Stored items from a collection:
□ □ □ □ □ □ □

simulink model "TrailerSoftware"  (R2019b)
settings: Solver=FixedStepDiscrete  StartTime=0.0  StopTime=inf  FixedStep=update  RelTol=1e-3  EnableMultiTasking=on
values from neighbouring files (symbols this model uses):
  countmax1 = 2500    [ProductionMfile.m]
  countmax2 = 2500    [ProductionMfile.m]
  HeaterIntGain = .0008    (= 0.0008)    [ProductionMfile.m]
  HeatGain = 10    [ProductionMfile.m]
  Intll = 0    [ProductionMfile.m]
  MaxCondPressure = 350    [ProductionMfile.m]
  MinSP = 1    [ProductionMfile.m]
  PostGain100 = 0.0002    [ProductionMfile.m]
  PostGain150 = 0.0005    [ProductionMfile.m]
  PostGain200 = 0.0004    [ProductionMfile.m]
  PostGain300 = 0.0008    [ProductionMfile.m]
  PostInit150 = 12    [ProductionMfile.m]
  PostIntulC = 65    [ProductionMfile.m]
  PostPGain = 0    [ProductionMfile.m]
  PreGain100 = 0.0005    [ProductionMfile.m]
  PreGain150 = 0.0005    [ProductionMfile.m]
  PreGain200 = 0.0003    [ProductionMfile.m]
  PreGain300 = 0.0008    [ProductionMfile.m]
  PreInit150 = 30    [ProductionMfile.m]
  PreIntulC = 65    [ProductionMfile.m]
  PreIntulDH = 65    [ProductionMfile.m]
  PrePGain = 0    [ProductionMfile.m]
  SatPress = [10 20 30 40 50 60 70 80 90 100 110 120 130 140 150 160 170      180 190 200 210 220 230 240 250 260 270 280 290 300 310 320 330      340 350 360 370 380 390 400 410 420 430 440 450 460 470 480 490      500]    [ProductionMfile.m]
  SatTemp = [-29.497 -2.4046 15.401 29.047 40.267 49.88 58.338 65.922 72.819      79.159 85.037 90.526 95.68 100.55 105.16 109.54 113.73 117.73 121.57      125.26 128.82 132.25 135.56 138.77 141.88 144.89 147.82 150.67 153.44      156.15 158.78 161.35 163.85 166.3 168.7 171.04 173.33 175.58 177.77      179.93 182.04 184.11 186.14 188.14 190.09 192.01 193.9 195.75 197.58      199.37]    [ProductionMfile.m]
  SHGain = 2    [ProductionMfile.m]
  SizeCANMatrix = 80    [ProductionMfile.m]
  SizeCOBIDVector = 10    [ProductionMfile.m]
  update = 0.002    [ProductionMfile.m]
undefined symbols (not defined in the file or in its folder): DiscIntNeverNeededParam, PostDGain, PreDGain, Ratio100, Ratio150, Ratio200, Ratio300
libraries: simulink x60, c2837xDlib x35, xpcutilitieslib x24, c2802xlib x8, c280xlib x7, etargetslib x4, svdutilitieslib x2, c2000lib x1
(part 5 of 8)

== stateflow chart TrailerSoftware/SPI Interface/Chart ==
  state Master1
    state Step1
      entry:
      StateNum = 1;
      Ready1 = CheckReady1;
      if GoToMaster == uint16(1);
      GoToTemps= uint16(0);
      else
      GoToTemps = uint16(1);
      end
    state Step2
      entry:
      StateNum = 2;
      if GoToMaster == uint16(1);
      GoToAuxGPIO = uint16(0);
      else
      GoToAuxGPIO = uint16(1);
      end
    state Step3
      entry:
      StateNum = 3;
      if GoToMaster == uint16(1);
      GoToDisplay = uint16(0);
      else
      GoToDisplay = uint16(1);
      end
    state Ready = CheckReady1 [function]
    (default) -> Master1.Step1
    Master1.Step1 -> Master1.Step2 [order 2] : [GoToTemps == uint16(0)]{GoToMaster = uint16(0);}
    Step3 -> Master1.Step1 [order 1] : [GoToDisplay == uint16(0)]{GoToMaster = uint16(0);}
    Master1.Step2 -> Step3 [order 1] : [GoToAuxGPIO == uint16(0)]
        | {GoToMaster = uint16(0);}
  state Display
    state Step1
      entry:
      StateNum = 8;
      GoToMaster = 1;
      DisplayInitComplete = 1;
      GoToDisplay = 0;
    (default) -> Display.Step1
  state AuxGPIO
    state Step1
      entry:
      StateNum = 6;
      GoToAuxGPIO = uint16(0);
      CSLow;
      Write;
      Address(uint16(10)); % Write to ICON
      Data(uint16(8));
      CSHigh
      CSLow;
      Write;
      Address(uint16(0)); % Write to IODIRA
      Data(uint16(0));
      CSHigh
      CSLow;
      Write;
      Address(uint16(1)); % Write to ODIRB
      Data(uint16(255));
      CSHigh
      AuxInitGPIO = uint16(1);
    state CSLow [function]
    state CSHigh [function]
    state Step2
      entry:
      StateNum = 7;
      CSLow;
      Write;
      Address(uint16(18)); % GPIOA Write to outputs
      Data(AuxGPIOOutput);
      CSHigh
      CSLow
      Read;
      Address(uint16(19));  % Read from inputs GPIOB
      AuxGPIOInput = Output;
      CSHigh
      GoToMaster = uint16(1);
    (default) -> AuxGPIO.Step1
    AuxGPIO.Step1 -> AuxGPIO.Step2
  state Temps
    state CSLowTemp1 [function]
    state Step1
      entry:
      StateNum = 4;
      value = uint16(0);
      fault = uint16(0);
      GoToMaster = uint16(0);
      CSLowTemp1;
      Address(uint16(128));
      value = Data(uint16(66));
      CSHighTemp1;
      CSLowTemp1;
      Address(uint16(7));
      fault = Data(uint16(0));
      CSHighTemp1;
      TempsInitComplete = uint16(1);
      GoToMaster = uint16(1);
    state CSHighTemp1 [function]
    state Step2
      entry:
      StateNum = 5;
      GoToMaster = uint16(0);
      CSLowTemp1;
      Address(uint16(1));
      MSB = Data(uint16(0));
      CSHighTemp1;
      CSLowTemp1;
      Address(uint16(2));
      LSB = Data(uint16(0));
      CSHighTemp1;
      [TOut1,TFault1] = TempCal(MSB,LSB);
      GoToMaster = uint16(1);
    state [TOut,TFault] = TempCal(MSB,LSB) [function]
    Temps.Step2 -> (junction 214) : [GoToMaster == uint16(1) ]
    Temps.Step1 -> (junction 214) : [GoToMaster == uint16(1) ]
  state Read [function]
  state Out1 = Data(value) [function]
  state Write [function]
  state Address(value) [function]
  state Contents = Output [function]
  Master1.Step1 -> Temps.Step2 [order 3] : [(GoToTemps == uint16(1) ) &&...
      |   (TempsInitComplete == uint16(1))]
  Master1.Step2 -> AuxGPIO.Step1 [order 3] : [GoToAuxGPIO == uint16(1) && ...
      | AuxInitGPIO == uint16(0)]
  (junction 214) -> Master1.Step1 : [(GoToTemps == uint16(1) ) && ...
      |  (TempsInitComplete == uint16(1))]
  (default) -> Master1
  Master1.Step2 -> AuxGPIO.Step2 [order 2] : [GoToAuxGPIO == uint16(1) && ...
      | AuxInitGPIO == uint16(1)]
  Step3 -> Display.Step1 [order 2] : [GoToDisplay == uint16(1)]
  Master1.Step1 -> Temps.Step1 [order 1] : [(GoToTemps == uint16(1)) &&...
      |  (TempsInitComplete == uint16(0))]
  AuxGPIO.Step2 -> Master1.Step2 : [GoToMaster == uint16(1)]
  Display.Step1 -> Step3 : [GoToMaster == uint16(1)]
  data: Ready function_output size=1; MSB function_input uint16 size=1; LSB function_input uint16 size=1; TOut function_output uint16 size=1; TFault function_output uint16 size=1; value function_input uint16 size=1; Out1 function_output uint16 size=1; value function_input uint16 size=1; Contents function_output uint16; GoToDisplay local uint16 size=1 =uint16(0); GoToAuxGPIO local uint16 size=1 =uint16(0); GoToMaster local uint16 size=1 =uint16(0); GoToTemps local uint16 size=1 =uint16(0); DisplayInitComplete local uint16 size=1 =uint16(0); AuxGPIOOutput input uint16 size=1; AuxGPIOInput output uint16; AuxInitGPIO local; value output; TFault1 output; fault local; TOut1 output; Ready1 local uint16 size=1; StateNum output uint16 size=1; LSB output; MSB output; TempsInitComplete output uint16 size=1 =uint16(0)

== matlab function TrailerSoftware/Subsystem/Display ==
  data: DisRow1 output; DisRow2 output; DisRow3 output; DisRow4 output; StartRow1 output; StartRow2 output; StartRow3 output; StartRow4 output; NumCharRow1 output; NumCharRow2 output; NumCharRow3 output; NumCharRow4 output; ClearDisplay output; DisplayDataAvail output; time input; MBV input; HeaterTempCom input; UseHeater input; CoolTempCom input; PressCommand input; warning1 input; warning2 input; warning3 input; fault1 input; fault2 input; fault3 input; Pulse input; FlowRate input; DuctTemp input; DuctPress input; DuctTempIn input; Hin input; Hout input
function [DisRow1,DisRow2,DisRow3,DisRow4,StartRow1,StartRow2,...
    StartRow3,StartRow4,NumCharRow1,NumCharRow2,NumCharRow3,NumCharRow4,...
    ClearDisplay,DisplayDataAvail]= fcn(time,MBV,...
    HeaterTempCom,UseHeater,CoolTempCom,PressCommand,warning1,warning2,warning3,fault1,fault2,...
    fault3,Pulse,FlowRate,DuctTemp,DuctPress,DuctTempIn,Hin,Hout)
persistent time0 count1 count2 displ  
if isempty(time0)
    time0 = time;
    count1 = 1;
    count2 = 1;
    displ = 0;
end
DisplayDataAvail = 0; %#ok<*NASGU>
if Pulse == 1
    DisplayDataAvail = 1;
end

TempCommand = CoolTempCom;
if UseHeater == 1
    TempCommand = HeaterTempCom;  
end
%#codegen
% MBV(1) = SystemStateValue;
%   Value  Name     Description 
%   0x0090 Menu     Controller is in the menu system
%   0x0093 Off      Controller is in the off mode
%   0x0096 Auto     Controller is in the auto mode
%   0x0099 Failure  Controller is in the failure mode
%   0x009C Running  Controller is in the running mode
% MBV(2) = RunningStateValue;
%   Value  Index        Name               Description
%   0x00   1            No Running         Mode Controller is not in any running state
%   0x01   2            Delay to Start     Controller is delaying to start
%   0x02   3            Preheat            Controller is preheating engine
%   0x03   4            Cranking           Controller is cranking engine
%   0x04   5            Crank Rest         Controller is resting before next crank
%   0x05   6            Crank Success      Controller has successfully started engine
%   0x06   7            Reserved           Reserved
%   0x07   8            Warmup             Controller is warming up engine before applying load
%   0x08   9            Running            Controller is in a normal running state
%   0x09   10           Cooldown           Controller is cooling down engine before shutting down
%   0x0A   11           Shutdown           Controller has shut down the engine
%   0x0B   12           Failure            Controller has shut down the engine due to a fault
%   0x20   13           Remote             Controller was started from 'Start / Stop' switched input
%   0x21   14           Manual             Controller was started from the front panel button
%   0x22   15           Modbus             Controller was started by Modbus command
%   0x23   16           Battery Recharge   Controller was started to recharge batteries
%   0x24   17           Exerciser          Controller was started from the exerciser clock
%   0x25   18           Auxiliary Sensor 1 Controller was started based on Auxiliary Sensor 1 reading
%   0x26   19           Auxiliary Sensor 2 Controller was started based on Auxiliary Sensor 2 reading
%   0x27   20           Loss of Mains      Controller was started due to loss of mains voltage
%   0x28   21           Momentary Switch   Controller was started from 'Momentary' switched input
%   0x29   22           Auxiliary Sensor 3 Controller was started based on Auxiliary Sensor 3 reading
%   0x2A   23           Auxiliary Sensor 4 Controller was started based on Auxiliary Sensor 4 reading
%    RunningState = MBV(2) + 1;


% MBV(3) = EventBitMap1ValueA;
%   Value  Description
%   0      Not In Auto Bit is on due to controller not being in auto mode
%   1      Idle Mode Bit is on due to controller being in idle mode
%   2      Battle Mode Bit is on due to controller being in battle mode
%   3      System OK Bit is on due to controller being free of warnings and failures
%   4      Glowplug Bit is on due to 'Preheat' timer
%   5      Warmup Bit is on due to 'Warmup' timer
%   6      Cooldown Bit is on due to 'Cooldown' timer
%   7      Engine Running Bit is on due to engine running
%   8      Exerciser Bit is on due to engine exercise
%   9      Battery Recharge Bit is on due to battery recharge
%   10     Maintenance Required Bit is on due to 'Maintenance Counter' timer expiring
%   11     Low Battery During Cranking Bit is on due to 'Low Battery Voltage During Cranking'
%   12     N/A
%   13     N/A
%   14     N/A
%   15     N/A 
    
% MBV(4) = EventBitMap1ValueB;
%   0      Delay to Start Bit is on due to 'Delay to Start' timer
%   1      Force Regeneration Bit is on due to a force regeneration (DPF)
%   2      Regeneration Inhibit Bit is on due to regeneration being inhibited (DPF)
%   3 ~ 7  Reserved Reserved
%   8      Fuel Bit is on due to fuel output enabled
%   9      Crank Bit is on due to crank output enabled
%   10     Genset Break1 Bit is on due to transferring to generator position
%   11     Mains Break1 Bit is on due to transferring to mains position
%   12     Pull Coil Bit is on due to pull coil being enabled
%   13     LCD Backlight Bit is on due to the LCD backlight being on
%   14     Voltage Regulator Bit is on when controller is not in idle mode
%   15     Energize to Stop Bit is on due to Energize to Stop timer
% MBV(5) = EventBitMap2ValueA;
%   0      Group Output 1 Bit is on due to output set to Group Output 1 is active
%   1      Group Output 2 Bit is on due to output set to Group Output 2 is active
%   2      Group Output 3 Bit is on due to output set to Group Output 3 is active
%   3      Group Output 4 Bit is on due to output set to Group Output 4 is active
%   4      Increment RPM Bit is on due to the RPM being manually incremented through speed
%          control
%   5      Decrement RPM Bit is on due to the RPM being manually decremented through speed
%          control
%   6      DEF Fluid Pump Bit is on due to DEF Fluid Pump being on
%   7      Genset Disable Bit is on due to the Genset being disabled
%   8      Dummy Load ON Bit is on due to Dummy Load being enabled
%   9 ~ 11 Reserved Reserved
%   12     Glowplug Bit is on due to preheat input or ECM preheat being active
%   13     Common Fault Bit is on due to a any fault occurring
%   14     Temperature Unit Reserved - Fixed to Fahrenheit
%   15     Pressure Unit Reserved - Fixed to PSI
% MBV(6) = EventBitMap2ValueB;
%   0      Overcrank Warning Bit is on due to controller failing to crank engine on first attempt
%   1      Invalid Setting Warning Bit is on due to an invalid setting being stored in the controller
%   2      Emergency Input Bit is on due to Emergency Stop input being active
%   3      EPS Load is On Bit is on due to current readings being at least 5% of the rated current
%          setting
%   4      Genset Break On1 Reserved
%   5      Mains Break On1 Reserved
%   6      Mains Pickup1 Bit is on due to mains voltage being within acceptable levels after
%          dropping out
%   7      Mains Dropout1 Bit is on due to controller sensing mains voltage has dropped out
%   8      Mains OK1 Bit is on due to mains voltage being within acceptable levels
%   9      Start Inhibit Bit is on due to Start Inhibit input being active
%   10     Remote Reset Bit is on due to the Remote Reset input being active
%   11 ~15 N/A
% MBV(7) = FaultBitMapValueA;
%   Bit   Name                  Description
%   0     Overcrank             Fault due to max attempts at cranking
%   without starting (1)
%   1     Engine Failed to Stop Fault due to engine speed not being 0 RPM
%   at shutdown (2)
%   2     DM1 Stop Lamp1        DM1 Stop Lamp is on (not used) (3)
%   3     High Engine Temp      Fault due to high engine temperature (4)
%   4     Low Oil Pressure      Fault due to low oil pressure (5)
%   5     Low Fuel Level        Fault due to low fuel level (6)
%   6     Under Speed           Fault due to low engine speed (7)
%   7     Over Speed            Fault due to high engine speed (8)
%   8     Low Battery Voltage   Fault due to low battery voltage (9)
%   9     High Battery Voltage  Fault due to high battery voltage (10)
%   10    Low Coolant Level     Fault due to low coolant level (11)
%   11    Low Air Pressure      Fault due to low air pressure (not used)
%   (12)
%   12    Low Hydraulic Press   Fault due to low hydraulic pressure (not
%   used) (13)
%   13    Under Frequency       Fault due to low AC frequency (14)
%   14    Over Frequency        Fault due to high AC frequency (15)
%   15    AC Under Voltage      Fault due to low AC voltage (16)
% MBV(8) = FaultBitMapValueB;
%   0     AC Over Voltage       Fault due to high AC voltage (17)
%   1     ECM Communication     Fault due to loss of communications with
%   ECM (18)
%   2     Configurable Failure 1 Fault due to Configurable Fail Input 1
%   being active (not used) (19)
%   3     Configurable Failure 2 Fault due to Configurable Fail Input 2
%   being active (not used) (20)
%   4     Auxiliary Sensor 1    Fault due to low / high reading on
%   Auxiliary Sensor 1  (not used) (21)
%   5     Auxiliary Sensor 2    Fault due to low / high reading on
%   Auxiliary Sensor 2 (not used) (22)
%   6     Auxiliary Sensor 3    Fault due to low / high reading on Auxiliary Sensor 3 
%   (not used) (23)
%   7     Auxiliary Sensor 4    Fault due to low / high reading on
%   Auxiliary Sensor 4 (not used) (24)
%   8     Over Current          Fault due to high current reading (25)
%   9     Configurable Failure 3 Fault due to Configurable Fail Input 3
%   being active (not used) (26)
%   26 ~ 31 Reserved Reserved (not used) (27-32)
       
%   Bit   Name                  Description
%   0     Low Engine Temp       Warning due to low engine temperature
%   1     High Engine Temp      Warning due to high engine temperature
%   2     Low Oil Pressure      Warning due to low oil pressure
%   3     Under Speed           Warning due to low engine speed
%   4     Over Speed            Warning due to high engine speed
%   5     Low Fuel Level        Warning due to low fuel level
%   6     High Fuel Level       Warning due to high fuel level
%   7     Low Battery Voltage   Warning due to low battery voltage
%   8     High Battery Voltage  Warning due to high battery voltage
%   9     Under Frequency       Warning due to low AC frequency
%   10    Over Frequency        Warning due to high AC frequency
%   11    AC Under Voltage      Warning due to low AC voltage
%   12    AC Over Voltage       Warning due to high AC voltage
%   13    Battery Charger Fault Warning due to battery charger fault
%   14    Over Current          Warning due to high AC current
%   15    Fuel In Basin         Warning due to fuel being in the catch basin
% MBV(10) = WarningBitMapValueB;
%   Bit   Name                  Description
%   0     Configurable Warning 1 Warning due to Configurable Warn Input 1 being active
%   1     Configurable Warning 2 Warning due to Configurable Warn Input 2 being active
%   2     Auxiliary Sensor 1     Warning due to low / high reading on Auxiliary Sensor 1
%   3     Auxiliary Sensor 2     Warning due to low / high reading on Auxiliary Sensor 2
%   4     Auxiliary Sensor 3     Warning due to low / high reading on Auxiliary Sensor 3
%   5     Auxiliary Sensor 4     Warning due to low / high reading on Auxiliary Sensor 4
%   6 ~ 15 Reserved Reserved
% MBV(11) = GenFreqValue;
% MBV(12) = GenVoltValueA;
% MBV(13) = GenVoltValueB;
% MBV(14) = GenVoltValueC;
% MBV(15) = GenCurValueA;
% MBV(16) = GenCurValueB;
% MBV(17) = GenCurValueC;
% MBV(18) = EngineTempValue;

□ □ □ □ □ □ □

__EXERCISE OBJECTIVE__
Among the records above, find each line holding "Pulse" and list it.

__EXERCISE RESPONSE__
  data: DisRow1 output; DisRow2 output; DisRow3 output; DisRow4 output; StartRow1 output; StartRow2 output; StartRow3 output; StartRow4 output; NumCharRow1 output; NumCharRow2 output; NumCharRow3 output; NumCharRow4 output; ClearDisplay output; DisplayDataAvail output; time input; MBV input; HeaterTempCom input; UseHeater input; CoolTempCom input; PressCommand input; warning1 input; warning2 input; warning3 input; fault1 input; fault2 input; fault3 input; Pulse input; FlowRate input; DuctTemp input; DuctPress input; DuctTempIn input; Hin input; Hout input
    fault3,Pulse,FlowRate,DuctTemp,DuctPress,DuctTempIn,Hin,Hout)
if Pulse == 1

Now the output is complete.